» Exercise objective
Scan the entries for the word "styles". Every line that has it should be copied.

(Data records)
════════
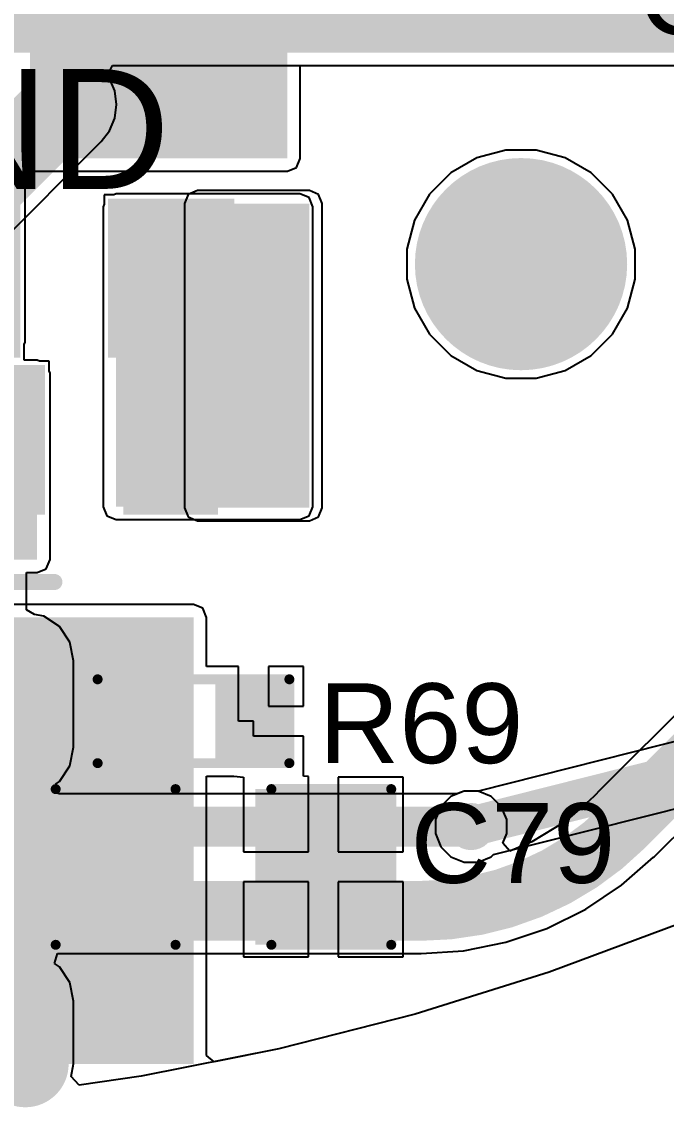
# Model space of a CAD drawing. Header units: millimetres. Extents: x -0.21 to 2.41, y -2.08 to 4.57.
# Drawn here: x 1.257 to 1.58, y -2.081 to -1.538 of the extents above; entities that cross this region are included whole.
import ezdxf

# ---------------------------------------------------------------- set-up
doc = ezdxf.new("R2010")
doc.units = ezdxf.units.MM
doc.header["$MEASUREMENT"] = 0
for name, color, linetype in [('BottomLayer', 5, 'Continuous'), ('BottomPaste', 16, 'Continuous'), ('BottomSolder', 6, 'Continuous'), ('MultiLayer', 9, 'Continuous'), ('PadHoleLayer', 156, 'Continuous'), ('TopLayer', 1, 'Continuous'), ('TopOverlay', 2, 'Continuous'), ('TopPaste', 8, 'Continuous'), ('TopSolder', 216, 'Continuous'), ('ViaHoleLayer', 16, 'Continuous')]:
    doc.layers.add(name, color=color, linetype=linetype)
doc.styles.add('Arial', font='', dxfattribs={"height": 0.2})
doc.styles.get('Arial').set_extended_font_data('Arial')

# ---------------------------------------------------------------- blocks, each defined once
blk = doc.blocks.new('R___0603_3')
at = {"layer": 'TopLayer'}
for points in [[(-0.015, 0.0175), (-0.015, -0.0175), (-0.045, -0.0175), (-0.045, 0.0175)], [(0.045, 0.0175), (0.045, -0.0175), (0.015, -0.0175), (0.015, 0.0175)]]:
    blk.add_hatch(color=1, dxfattribs=at).paths.add_polyline_path(points)
at = {"layer": 'TopPaste'}
for points in [[(-0.015, 0.0175), (-0.015, -0.0175), (-0.045, -0.0175), (-0.045, 0.0175)], [(0.045, 0.0175), (0.045, -0.0175), (0.015, -0.0175), (0.015, 0.0175)]]:
    blk.add_hatch(color=8, dxfattribs=at).paths.add_polyline_path(points)
at = {"layer": 'TopSolder'}
for points in [[(-0.011, 0.0215), (-0.011, -0.0215), (-0.049, -0.0215), (-0.049, 0.0215)], [(0.049, 0.0215), (0.049, -0.0215), (0.011, -0.0215), (0.011, 0.0215)]]:
    blk.add_hatch(color=216, dxfattribs=at).paths.add_polyline_path(points)
at = {"layer": 'TopOverlay', "const_width": 0.005}
for points in [[(0.048, 0.021), (-0.048, 0.021)], [(-0.048, 0.021), (-0.048, -0.021)], [(0.048, 0.021), (0.048, -0.021)], [(0.048, -0.021), (-0.048, -0.021)]]:
    blk.add_lwpolyline(points, dxfattribs=at)
at = {"layer": 'TopOverlay', "const_width": 0.0025}
for points in [[(-0.04925, 0.021, 1), (-0.04675, 0.021, 1)], [(-0.04925, 0.021, 1), (-0.04675, 0.021, 1)], [(0.04675, 0.021, 1), (0.04925, 0.021, 1)], [(0.04675, 0.021, 1), (0.04925, 0.021, 1)], [(-0.04925, -0.021, 1), (-0.04675, -0.021, 1)], [(-0.04925, -0.021, 1), (-0.04675, -0.021, 1)], [(0.04675, -0.021, 1), (0.04925, -0.021, 1)], [(0.04675, -0.021, 1), (0.04925, -0.021, 1)]]:
    blk.add_lwpolyline(points, format="xyb", close=True, dxfattribs=at)
blk = doc.blocks.new('C___1206_4')
at = {"layer": 'TopLayer'}
for points in [[(-0.08, 0.035), (-0.02, 0.035), (-0.02, -0.035), (-0.08, -0.035)], [(0.02, 0.035), (0.08, 0.035), (0.08, -0.035), (0.02, -0.035)]]:
    blk.add_hatch(color=1, dxfattribs=at).paths.add_polyline_path(points)
at = {"layer": 'TopPaste'}
for points in [[(-0.08, 0.035), (-0.02, 0.035), (-0.02, -0.035), (-0.08, -0.035)], [(0.02, 0.035), (0.08, 0.035), (0.08, -0.035), (0.02, -0.035)]]:
    blk.add_hatch(color=8, dxfattribs=at).paths.add_polyline_path(points)
at = {"layer": 'TopSolder'}
for points in [[(-0.084, 0.039), (-0.016, 0.039), (-0.016, -0.039), (-0.084, -0.039)], [(0.016, 0.039), (0.084, 0.039), (0.084, -0.039), (0.016, -0.039)]]:
    blk.add_hatch(color=216, dxfattribs=at).paths.add_polyline_path(points)
at = {"layer": 'TopOverlay', "const_width": 0.005}
for points in [[(-0.024, 0.039), (-0.084, 0.039)], [(-0.084, 0.039), (-0.084, -0.039)], [(0.084, 0.039), (0.024, 0.039)], [(0.084, 0.039), (0.084, -0.039)], [(-0.024, -0.039), (-0.084, -0.039)], [(0.084, -0.039), (0.024, -0.039)]]:
    blk.add_lwpolyline(points, dxfattribs=at)
at = {"layer": 'TopOverlay', "const_width": 0.0025}
for points in [[(-0.08525, 0.039, 1), (-0.08275, 0.039, 1)], [(-0.08525, 0.039, 1), (-0.08275, 0.039, 1)], [(-0.02525, 0.039, 1), (-0.02275, 0.039, 1)], [(0.02275, 0.039, 1), (0.02525, 0.039, 1)], [(0.08275, 0.039, 1), (0.08525, 0.039, 1)], [(0.08275, 0.039, 1), (0.08525, 0.039, 1)], [(-0.08525, -0.039, 1), (-0.08275, -0.039, 1)], [(-0.08525, -0.039, 1), (-0.08275, -0.039, 1)], [(-0.02525, -0.039, 1), (-0.02275, -0.039, 1)], [(0.02275, -0.039, 1), (0.02525, -0.039, 1)], [(0.08275, -0.039, 1), (0.08525, -0.039, 1)], [(0.08275, -0.039, 1), (0.08525, -0.039, 1)]]:
    blk.add_lwpolyline(points, format="xyb", close=True, dxfattribs=at)
blk = doc.blocks.new('TYPE_C_31_M_12__B_91')
at = {"layer": 'BottomLayer'}
h = blk.add_hatch(color=5, dxfattribs=at)
edge = h.paths.add_edge_path()
edge.add_arc((-0.04429, 0.17126), 0.01772, 180, 360)
edge.add_line((-0.02657, 0.17126), (-0.02657, 0.20276))
edge.add_arc((-0.04429, 0.20276), 0.01772, 0, 180)
edge.add_line((-0.06201, 0.20276), (-0.06201, 0.17126))
h = blk.add_hatch(color=5, dxfattribs=at)
edge = h.paths.add_edge_path()
edge.add_arc((0.29626, 0.17126), 0.01772, 180, 360)
edge.add_line((0.31398, 0.17126), (0.31398, 0.20276))
edge.add_arc((0.29626, 0.20276), 0.01772, 0, 180)
edge.add_line((0.27854, 0.20276), (0.27854, 0.17126))
h = blk.add_hatch(color=5, dxfattribs=at)
edge = h.paths.add_edge_path()
edge.add_arc((-0.04429, 0.04409), 0.01772, 0, 180)
edge.add_line((-0.06201, 0.04409), (-0.06201, 0.00079))
edge.add_arc((-0.04429, 0.00079), 0.01772, 180, 360)
edge.add_line((-0.02657, 0.00079), (-0.02657, 0.04409))
h = blk.add_hatch(color=5, dxfattribs=at)
edge = h.paths.add_edge_path()
edge.add_arc((0.29626, 0.00079), 0.01772, 180, 360)
edge.add_line((0.31398, 0.00079), (0.31398, 0.04409))
edge.add_arc((0.29626, 0.04409), 0.01772, 0, 180)
edge.add_line((0.27854, 0.04409), (0.27854, 0.00079))
for points in [[(-0.01181, 0.02362), (0.01181, 0.02362), (0.01181, -0.02362), (-0.01181, -0.02362)], [(0.01968, 0.02362), (0.04331, 0.02362), (0.04331, -0.02362), (0.01968, -0.02362)], [(0.05118, 0.02362), (0.06299, 0.02362), (0.06299, -0.02362), (0.05118, -0.02362)], [(0.07087, 0.02362), (0.08268, 0.02362), (0.08268, -0.02362), (0.07087, -0.02362)], [(0.09055, 0.02362), (0.10236, 0.02362), (0.10236, -0.02362), (0.09055, -0.02362)], [(0.11024, 0.02362), (0.12205, 0.02362), (0.12205, -0.02362), (0.11024, -0.02362)], [(0.14173, -0.02362), (0.12992, -0.02362), (0.12992, 0.02362), (0.14173, 0.02362)], [(0.16142, -0.02362), (0.14961, -0.02362), (0.14961, 0.02362), (0.16142, 0.02362)], [(0.1811, -0.02362), (0.16929, -0.02362), (0.16929, 0.02362), (0.1811, 0.02362)], [(0.20079, -0.02362), (0.18898, -0.02362), (0.18898, 0.02362), (0.20079, 0.02362)], [(0.23228, -0.02362), (0.20866, -0.02362), (0.20866, 0.02362), (0.23228, 0.02362)], [(0.24016, 0.02362), (0.26378, 0.02362), (0.26378, -0.02362), (0.24016, -0.02362)]]:
    blk.add_hatch(color=5, dxfattribs=at).paths.add_polyline_path(points)
at = {"layer": 'BottomPaste'}
for points in [[(-0.01181, 0.02362), (0.01181, 0.02362), (0.01181, -0.02362), (-0.01181, -0.02362)], [(0.01968, 0.02362), (0.04331, 0.02362), (0.04331, -0.02362), (0.01968, -0.02362)], [(0.05118, 0.02362), (0.06299, 0.02362), (0.06299, -0.02362), (0.05118, -0.02362)], [(0.07087, 0.02362), (0.08268, 0.02362), (0.08268, -0.02362), (0.07087, -0.02362)], [(0.09055, 0.02362), (0.10236, 0.02362), (0.10236, -0.02362), (0.09055, -0.02362)], [(0.11024, 0.02362), (0.12205, 0.02362), (0.12205, -0.02362), (0.11024, -0.02362)], [(0.14173, -0.02362), (0.12992, -0.02362), (0.12992, 0.02362), (0.14173, 0.02362)], [(0.16142, -0.02362), (0.14961, -0.02362), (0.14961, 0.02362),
════════
» Answer space
doc.styles.add('Arial', font='', dxfattribs={"height": 0.2})
doc.styles.get('Arial').set_extended_font_data('Arial')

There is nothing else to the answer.